OPINION: Dear Abby

DEAR ABBY: Both fiancee and ring have disappeared from man's life

DEAR ABBY: Five months ago, after eight years, my fiancee terminated our relationship. I still have very strong feelings for her, although she ghosted me and won't communicate with me.

We agreed from the outset that should the relationship end, the ring (or value thereof) would be returned to me. I have sent numerous emails and text messages and have received no response. Her explanation for her silence for 22 days -- just before she broke up with me over the phone -- was because I "gave her an ultimatum."

She had selected the ring and told me repeatedly how much she loved it. Do you think she's still "in love" with me and that's why she refuses to return the ring? -- DUMPED WITHOUT RING

DEAR DUMPED: No, I think she is still in love with the RING, which is why she refuses to return it. Because your former fiancee has chosen to keep it rather than abide by the rules of etiquette or your verbal agreement, it's time to consult a lawyer. If you want that ring back (or the value thereof), you may have to take her to court to get it. Be glad you are rid of her, even if it wasn't your idea.


DEAR ABBY: I have an extremely well-educated and intelligent friend whose emotions, ideas and opinions seem to have become subjugated to the control of her relatively new spouse. I should add that he has a bad temper, and I am afraid it could escalate.

What are my options for reporting or intervening in the situation? It's possible that she's willingly submitting, but it seems uncharacteristic. I have personal experience with this kind of situation in regard to family members, but I don't want to make a fuss if I'm wrong. -- CARING FRIEND IN KANSAS

DEAR FRIEND: Unless you have proof that your friend is being physically abused, the most helpful thing you can do is stay in close contact and make sure she knows you will always be there for her if she needs you, day or night. If she confides that her husband is emotionally abusive, support her by reminding her that, despite what her husband may have told her, she's intelligent and well-educated.

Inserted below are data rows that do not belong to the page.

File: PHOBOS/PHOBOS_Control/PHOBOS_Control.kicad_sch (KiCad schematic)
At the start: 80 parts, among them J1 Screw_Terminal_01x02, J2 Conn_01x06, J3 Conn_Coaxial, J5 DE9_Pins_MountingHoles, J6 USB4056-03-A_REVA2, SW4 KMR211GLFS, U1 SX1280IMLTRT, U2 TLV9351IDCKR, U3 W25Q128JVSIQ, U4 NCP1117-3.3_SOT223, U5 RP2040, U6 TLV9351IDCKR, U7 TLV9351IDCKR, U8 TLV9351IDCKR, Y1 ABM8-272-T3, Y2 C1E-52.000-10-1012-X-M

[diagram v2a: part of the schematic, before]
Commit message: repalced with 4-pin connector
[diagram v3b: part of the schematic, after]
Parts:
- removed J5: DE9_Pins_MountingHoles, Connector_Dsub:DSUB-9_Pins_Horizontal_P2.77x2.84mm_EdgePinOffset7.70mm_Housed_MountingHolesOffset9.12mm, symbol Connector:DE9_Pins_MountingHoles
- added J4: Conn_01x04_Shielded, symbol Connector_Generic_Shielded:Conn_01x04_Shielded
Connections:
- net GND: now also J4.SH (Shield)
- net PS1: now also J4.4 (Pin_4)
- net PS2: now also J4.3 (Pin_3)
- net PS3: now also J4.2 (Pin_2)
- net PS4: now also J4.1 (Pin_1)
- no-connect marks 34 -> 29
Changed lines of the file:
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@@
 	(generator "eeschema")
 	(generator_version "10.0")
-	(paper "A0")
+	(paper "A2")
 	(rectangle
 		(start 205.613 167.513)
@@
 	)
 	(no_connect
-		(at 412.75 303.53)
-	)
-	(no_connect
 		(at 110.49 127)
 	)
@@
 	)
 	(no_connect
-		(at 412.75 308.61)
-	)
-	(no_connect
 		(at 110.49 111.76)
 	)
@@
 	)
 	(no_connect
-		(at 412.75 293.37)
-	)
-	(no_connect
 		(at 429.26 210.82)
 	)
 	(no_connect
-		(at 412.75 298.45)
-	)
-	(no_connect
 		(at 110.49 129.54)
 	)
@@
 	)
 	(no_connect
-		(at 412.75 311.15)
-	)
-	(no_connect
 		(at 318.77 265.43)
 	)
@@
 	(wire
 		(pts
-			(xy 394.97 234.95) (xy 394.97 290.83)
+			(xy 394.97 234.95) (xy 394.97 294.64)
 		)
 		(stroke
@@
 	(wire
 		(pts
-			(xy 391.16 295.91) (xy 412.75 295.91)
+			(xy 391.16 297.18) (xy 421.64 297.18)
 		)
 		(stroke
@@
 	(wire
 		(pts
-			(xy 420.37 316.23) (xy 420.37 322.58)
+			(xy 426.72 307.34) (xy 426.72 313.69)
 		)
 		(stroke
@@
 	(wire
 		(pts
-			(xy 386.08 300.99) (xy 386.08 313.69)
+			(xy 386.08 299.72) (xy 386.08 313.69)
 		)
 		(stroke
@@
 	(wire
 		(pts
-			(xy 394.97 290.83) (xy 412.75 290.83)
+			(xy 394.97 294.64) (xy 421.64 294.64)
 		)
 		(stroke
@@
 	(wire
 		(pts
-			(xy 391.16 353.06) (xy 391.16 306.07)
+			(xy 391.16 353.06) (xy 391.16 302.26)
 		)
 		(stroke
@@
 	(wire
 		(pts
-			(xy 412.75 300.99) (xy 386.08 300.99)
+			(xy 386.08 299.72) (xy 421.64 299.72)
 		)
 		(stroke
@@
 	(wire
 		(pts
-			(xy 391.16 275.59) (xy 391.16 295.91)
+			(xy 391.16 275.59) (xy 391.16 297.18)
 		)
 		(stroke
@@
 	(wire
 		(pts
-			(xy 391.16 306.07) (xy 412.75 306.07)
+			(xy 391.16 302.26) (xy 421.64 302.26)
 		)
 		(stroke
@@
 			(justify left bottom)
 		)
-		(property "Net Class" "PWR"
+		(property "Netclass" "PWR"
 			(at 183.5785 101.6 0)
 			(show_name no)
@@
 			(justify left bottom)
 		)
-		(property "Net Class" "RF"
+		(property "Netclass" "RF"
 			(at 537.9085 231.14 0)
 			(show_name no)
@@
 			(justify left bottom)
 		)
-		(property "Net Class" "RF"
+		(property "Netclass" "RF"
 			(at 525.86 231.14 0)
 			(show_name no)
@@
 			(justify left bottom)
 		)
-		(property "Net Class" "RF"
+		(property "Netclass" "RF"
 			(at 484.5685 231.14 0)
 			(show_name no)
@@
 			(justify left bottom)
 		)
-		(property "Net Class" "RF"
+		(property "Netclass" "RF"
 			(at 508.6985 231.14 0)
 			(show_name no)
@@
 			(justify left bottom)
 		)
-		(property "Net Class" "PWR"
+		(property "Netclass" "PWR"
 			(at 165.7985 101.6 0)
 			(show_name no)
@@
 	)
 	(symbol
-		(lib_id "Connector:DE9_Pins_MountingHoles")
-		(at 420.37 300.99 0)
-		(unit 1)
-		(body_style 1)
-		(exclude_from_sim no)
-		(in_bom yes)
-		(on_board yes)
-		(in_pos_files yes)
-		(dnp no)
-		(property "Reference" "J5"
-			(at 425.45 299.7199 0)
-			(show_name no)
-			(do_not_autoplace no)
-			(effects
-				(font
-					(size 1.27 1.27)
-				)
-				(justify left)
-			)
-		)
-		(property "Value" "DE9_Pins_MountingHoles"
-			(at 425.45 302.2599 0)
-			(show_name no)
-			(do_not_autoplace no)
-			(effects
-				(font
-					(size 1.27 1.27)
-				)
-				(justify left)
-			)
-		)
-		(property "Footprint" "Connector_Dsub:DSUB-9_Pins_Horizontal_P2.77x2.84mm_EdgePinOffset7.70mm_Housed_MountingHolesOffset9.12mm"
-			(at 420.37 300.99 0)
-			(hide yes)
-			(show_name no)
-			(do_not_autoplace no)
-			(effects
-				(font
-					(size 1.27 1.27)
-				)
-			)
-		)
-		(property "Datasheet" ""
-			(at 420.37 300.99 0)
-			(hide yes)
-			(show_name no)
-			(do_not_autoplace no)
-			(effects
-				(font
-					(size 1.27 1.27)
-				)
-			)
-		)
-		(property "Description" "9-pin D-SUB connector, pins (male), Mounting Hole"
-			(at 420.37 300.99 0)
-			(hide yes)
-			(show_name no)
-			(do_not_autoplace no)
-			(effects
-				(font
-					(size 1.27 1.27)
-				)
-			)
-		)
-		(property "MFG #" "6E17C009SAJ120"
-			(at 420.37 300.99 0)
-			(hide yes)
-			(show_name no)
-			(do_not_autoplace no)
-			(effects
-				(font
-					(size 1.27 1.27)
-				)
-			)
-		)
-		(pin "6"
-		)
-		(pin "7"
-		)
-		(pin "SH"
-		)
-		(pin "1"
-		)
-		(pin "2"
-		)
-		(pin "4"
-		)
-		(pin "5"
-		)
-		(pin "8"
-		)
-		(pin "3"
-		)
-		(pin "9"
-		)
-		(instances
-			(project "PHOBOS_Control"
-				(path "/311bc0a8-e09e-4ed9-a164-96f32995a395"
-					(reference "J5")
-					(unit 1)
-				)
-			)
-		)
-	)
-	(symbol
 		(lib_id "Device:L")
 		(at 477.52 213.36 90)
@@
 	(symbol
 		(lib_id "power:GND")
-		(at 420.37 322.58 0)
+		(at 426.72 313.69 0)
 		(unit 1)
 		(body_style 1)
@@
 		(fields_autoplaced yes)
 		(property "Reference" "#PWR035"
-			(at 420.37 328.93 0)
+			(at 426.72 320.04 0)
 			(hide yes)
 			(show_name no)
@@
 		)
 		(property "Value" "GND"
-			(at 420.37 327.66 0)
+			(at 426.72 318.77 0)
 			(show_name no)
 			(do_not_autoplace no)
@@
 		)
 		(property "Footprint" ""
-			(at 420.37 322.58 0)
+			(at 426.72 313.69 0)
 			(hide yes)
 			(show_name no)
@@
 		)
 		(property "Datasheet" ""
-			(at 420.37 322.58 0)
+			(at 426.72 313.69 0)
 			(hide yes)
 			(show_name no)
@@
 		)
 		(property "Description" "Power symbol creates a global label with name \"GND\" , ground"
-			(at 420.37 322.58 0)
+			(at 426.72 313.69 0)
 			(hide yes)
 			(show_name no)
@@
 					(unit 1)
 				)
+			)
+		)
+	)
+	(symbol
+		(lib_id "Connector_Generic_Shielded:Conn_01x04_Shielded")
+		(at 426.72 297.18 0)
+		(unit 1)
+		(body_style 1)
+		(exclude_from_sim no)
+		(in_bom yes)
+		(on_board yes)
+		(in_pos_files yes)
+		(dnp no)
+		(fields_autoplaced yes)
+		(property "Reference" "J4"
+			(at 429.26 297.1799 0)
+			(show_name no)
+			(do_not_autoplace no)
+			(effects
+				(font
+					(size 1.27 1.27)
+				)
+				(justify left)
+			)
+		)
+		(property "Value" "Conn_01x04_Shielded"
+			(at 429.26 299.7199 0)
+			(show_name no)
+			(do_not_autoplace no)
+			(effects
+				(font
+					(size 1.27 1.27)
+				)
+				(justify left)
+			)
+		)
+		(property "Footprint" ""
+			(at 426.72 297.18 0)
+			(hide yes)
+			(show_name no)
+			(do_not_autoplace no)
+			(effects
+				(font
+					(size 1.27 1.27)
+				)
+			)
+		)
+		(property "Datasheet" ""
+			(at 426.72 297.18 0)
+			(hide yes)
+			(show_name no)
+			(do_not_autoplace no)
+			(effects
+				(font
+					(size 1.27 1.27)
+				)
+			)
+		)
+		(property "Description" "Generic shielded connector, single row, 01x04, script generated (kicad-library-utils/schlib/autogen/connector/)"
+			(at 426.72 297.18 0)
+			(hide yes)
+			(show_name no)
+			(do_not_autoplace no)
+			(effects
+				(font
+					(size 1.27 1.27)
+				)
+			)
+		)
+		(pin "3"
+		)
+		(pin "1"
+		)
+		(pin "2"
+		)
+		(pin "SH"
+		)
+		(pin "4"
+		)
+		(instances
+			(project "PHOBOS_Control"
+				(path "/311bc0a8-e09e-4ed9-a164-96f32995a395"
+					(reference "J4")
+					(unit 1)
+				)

Talk to her about the situations you have encountered in your own family and mention the National Domestic Violence Hotline (thehotline.org; 800-799-7233). If she contacts you because he has hurt her physically, get her to an emergency room right away. They know how to handle (and report) domestic abuse and are mandated to do so.


DEAR ABBY: Is it fair to other family members to leave dirty dishes in the sink until "later"? My wife and I have been married 15 years, but my wife still leaves dirty dishes in the sink all day, every day, "until I can get to them." To me, this is rude and inconsiderate. If I have time enough to use a dish or a glass, I have time to rinse it and put it in the dishwasher. Who is right here? -- RUDE IN TEXAS

DEAR RUDE: You are. Because you have asked your wife repeatedly not to do this, one would think she would accommodate you. It takes only a moment to put used dishes and utensils into a dishwasher rather than leave them stacked in the sink. Her disregard for your feelings is passive-aggressive. Consider asking her if she does it as a way to punish you for something she's not willing to discuss.